Source: Pew Research Center, Social Media Use.
Gender breakdown
- Overall: Gender differences in “any social media use” are typically modest at the national level.
- Platform-specific skew: Some platforms show clearer gender skews (for example, Pinterest tends to skew female in U.S. surveys, while other platforms are closer to parity).
Source: Pew Research Center’s platform-by-demographic tables.
Most-used platforms (percentages where available)
County-specific platform shares are not published in major probability surveys; the most defensible figures are national. Pew’s platform usage estimates among U.S. adults commonly place these platforms among the leaders:
- YouTube (widest reach among major platforms)
- Facebook (broad reach, especially among older age groups relative to other platforms)
- Instagram and TikTok (higher concentration among younger adults)
- Pinterest (notable reach; skew female)
- X (formerly Twitter) (smaller overall reach than the largest platforms)
For current national percentages by platform and demographic, use Pew Research Center’s Social Media Use. For additional benchmarking and trend lines, DataReportal’s United States digital report compiles multi-source indicators, with methodology notes.
Behavioral trends (engagement and preferences)
- Community information utility: In rural counties, social media use often centers on community groups/pages, local events, school and sports updates, weather impacts, and local commerce announcements. Facebook’s group and page infrastructure supports this pattern.
- Mobile-first engagement: Rural residents are more likely to rely on smartphones for internet access and day-to-day online activity, shaping content preferences toward short-form video, lightweight browsing, and messaging. Benchmark: Pew mobile access indicators.
- Video as a primary content format: High YouTube reach nationally and the growth of short-form video (TikTok, Instagram Reels, YouTube Shorts) correspond to engagement patterns where video consumption exceeds posting frequency, especially among older adults.
- Age-linked platform preferences: Younger adults concentrate more time on TikTok/Instagram and video-first discovery; older adults more often center activity on Facebook (news, family updates, groups). Source: Pew platform demographics.
- Messaging and private sharing: Sharing shifts toward private channels (DMs, Messenger, group chats) rather than fully public posting, consistent with national qualitative and survey findings on how people distribute links and updates.
Method note: The figures above use the most reputable, regularly updated U.S. sources available (primarily Pew) and apply them as benchmarks because representative Lake County–specific social-media penetration, platform share, and demographic splits are not published in standard national surveys.

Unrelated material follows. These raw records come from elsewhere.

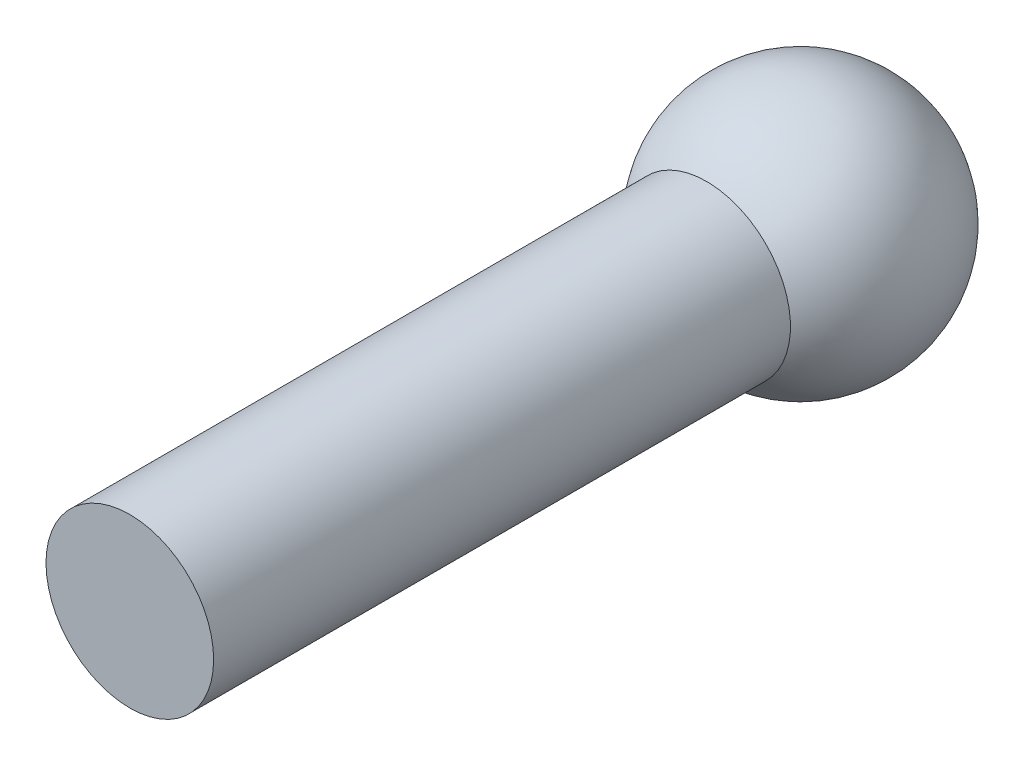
ISO-10303-21;
HEADER;
FILE_DESCRIPTION(('STEP AP214'),'2;1');
FILE_NAME('part.step','',(''),(''),'','','');
FILE_SCHEMA(('AUTOMOTIVE_DESIGN { 1 0 10303 214 1 1 1 1 }'));
ENDSEC;
DATA;
#1=APPLICATION_CONTEXT('core data for automotive mechanical design processes');
#2=APPLICATION_PROTOCOL_DEFINITION('international standard','automotive_design',2000,#1);
#3=PRODUCT_CONTEXT('',#1,'mechanical');
#4=PRODUCT('Part','Part','',(#3));
#5=PRODUCT_RELATED_PRODUCT_CATEGORY('part','',(#4));
#6=PRODUCT_DEFINITION_FORMATION('','',#4);
#7=PRODUCT_DEFINITION_CONTEXT('part definition',#1,'design');
#8=PRODUCT_DEFINITION('design','',#6,#7);
#9=PRODUCT_DEFINITION_SHAPE('','',#8);
#10=(LENGTH_UNIT() NAMED_UNIT(*) SI_UNIT(.MILLI.,.METRE.));
#11=(NAMED_UNIT(*) PLANE_ANGLE_UNIT() SI_UNIT($,.RADIAN.));
#12=(NAMED_UNIT(*) SI_UNIT($,.STERADIAN.) SOLID_ANGLE_UNIT());
#13=UNCERTAINTY_MEASURE_WITH_UNIT(LENGTH_MEASURE(1.E-05),#10,'distance_accuracy_value','');
#14=(GEOMETRIC_REPRESENTATION_CONTEXT(3) GLOBAL_UNCERTAINTY_ASSIGNED_CONTEXT((#13)) GLOBAL_UNIT_ASSIGNED_CONTEXT((#10,
#11,#12)) REPRESENTATION_CONTEXT('',''));
#15=CARTESIAN_POINT('',(0.,0.,0.));
#16=DIRECTION('',(0.,0.,1.));
#17=DIRECTION('',(1.,0.,0.));
#18=AXIS2_PLACEMENT_3D('',#15,#16,#17);
#19=CARTESIAN_POINT('',(0.,0.,4.));
#20=DIRECTION('',(0.,0.,-1.));
#21=DIRECTION('',(-1.,0.,0.));
#22=AXIS2_PLACEMENT_3D('',#19,#20,#21);
#23=CYLINDRICAL_SURFACE('',#22,0.5);
#24=CARTESIAN_POINT('',(0.,0.,4.));
#25=DIRECTION('',(0.,0.,1.));
#26=DIRECTION('',(1.,0.,0.));
#27=AXIS2_PLACEMENT_3D('',#24,#25,#26);
#28=CIRCLE('',#27,0.5);
#29=CARTESIAN_POINT('',(0.5,0.,4.));
#30=VERTEX_POINT('',#29);
#31=EDGE_CURVE('E39',#30,#30,#28,.T.);
#32=ORIENTED_EDGE('',*,*,#31,.F.);
#33=EDGE_LOOP('',(#32));
#34=FACE_BOUND('',#33,.T.);
#35=CARTESIAN_POINT('',(0.,0.,0.559016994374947));
#36=DIRECTION('',(0.,0.,-1.));
#37=DIRECTION('',(-1.,0.,0.));
#38=AXIS2_PLACEMENT_3D('',#35,#36,#37);
#39=CIRCLE('',#38,0.5);
#40=CARTESIAN_POINT('',(-0.5,0.,0.559016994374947));
#41=VERTEX_POINT('',#40);
#42=EDGE_CURVE('E10',#41,#41,#39,.T.);
#43=ORIENTED_EDGE('',*,*,#42,.F.);
#44=EDGE_LOOP('',(#43));
#45=FACE_BOUND('',#44,.T.);
#46=ADVANCED_FACE('F33',(#34,#45),#23,.T.);
#47=CARTESIAN_POINT('',(0.,0.,4.));
#48=DIRECTION('',(0.,0.,1.));
#49=DIRECTION('',(1.,0.,0.));
#50=AXIS2_PLACEMENT_3D('',#47,#48,#49);
#51=PLANE('',#50);
#52=ORIENTED_EDGE('',*,*,#31,.T.);
#53=EDGE_LOOP('',(#52));
#54=FACE_BOUND('',#53,.T.);
#55=ADVANCED_FACE('F45',(#54),#51,.T.);
#56=CARTESIAN_POINT('',(0.,0.,0.));
#57=DIRECTION('',(0.,1.,0.));
#58=DIRECTION('',(1.,0.,0.));
#59=AXIS2_PLACEMENT_3D('',#56,#57,#58);
#60=SPHERICAL_SURFACE('',#59,0.75);
#61=CARTESIAN_POINT('',(0.,0.,0.));
#62=DIRECTION('',(0.,0.,-1.));
#63=DIRECTION('',(-1.,0.,0.));
#64=AXIS2_PLACEMENT_3D('',#61,#62,#63);
#65=SPHERICAL_SURFACE('',#64,0.75);
#66=ORIENTED_EDGE('',*,*,#42,.T.);
#67=EDGE_LOOP('',(#66));
#68=FACE_BOUND('',#67,.T.);
#69=ADVANCED_FACE('F52',(#68),#65,.T.);
#70=CLOSED_SHELL('',(#46,#55,#69));
#71=MANIFOLD_SOLID_BREP('B2',#70);
#72=ADVANCED_BREP_SHAPE_REPRESENTATION('',(#18,#71),#14);
#73=SHAPE_DEFINITION_REPRESENTATION(#9,#72);
ENDSEC;
END-ISO-10303-21;

Family & Associates Records
Lake County family-related records are maintained primarily through Tennessee state systems and county offices. Vital records (birth and death certificates, marriage and divorce records) are created locally but issued as certified copies by the Tennessee Department of Health, Office of Vital Records (Tennessee Vital Records). Lake County court-related family records may include adoption, guardianship, probate, and certain domestic relations filings, generally handled through the Lake County Circuit/Chancery courts and maintained by the Lake County Clerk’s office (Lake County, Tennessee (official site)).
Public databases are limited for sensitive family records. Tennessee provides some searchable indexes and application guidance through the state vital records program, while many court filings require in-person or clerk-mediated access. For broader associate-related records (property ownership and transfers), Lake County land records are typically accessible through the Register of Deeds; official contact and office information is published on the county website (Lake County offices).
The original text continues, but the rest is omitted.